*** Supplied records ***

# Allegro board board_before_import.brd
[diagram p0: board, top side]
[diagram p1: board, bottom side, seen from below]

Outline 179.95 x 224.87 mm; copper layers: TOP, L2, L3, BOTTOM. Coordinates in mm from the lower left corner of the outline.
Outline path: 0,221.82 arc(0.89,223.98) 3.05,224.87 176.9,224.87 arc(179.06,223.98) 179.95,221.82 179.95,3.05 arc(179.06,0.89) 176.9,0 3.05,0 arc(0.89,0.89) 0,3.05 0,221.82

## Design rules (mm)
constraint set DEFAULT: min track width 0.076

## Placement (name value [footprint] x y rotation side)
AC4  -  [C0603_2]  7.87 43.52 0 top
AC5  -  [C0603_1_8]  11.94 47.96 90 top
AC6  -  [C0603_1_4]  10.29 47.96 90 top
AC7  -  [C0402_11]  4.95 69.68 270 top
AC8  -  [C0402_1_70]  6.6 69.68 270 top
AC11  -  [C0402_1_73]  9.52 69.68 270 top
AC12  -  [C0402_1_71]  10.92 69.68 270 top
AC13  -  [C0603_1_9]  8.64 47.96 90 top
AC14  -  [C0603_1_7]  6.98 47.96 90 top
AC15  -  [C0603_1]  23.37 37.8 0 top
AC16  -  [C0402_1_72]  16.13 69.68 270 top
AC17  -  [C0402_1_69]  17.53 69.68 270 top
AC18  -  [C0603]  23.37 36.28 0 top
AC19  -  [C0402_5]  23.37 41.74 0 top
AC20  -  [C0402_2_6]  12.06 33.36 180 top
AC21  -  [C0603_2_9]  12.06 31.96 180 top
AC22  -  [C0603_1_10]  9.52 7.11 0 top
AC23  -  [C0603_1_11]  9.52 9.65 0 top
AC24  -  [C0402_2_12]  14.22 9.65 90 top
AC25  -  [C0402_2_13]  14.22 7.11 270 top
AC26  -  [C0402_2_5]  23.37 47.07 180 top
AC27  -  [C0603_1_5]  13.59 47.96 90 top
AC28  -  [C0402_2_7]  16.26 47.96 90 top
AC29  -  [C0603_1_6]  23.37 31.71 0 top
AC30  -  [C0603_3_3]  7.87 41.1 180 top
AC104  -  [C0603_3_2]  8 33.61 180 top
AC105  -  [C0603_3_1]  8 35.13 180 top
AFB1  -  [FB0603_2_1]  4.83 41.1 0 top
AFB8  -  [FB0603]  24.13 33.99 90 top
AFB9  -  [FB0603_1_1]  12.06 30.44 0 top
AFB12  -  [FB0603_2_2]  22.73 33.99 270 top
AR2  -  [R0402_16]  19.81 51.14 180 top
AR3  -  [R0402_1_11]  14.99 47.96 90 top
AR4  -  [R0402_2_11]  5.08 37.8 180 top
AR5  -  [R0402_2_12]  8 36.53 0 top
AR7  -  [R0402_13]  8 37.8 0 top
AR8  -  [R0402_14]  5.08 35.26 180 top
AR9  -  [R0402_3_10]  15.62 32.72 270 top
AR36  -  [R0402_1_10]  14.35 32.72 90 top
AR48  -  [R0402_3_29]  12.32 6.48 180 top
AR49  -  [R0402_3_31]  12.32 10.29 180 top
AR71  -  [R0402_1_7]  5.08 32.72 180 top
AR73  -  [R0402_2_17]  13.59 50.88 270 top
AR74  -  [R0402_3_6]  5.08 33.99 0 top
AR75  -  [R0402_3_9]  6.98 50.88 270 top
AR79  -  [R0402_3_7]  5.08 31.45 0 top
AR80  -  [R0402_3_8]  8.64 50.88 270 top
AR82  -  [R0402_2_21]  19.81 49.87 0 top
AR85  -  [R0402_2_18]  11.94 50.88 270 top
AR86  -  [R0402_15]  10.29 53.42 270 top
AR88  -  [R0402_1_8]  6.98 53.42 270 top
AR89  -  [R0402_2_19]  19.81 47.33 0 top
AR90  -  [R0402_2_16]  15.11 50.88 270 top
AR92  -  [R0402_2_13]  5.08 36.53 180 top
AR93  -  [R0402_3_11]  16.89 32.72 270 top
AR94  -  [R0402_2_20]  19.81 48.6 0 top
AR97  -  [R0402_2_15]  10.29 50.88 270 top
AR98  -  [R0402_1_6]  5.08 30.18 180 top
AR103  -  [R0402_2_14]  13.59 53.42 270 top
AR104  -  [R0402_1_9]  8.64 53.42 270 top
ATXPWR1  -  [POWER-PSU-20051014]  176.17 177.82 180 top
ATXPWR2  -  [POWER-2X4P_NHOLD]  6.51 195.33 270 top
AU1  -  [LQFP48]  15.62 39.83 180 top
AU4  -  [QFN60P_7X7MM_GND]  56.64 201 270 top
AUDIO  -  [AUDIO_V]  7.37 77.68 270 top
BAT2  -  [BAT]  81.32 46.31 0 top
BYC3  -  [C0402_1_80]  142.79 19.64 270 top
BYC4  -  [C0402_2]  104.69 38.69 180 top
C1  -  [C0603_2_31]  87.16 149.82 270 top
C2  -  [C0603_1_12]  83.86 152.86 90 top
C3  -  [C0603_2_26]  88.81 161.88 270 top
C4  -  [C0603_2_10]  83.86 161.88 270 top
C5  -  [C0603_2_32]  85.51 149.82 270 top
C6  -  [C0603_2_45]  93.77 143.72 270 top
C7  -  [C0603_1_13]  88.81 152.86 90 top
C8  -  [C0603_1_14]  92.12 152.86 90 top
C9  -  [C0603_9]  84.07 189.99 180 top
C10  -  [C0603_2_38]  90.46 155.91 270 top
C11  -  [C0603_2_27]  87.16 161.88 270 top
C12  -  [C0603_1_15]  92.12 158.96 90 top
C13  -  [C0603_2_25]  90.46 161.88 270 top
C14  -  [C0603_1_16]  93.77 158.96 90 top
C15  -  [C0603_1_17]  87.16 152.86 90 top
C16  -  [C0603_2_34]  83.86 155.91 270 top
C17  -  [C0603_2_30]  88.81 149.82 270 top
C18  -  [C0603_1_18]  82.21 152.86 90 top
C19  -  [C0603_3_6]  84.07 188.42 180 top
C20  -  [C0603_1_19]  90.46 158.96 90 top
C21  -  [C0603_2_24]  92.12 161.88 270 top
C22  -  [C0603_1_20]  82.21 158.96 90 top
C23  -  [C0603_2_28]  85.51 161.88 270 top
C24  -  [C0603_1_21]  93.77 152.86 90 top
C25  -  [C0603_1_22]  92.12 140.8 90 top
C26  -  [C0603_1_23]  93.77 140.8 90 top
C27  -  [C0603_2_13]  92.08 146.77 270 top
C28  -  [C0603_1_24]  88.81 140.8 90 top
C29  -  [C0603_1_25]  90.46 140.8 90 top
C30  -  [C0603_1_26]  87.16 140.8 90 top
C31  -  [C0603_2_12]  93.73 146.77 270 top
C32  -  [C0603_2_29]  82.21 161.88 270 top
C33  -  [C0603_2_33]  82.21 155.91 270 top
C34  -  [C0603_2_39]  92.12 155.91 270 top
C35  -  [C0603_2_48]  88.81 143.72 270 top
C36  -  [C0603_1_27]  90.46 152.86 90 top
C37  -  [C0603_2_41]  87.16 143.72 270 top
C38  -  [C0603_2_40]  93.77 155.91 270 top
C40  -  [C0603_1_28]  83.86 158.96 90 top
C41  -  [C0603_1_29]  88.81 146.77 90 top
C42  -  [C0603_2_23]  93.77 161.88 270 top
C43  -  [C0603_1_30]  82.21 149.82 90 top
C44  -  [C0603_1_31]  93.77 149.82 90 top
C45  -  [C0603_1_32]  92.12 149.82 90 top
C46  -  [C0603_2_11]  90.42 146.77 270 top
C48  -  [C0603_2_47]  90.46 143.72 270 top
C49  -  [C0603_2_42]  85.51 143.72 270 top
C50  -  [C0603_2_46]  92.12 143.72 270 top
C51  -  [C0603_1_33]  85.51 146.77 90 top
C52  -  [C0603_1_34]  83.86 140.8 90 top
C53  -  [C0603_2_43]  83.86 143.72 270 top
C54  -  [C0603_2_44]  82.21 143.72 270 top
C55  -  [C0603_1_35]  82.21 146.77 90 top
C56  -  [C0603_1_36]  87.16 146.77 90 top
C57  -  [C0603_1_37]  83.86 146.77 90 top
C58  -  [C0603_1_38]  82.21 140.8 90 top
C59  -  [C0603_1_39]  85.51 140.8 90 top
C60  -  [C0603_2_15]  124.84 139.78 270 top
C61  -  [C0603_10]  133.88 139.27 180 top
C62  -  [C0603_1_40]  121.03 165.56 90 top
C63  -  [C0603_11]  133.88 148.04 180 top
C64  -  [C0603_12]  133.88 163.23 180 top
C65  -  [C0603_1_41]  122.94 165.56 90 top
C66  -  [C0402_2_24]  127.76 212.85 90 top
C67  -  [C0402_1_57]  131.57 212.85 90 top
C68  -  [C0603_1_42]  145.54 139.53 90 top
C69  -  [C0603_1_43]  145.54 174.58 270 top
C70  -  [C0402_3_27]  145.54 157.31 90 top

*** End of Supplied records ***

◆ Work instructions:
The required output is every line above from the one with "82.21 149.82 90 top" down to the one with "83.86 146.77 90 top", restated word for word, ends included.

◆ Response area:
C43  -  [C0603_1_30]  82.21 149.82 90 top
C44  -  [C0603_1_31]  93.77 149.82 90 top
C45  -  [C0603_1_32]  92.12 149.82 90 top
C46  -  [C0603_2_11]  90.42 146.77 270 top
C48  -  [C0603_2_47]  90.46 143.72 270 top
C49  -  [C0603_2_42]  85.51 143.72 270 top
C50  -  [C0603_2_46]  92.12 143.72 270 top
C51  -  [C0603_1_33]  85.51 146.77 90 top
C52  -  [C0603_1_34]  83.86 140.8 90 top
C53  -  [C0603_2_43]  83.86 143.72 270 top
C54  -  [C0603_2_44]  82.21 143.72 270 top
C55  -  [C0603_1_35]  82.21 146.77 90 top
C56  -  [C0603_1_36]  87.16 146.77 90 top
C57  -  [C0603_1_37]  83.86 146.77 90 top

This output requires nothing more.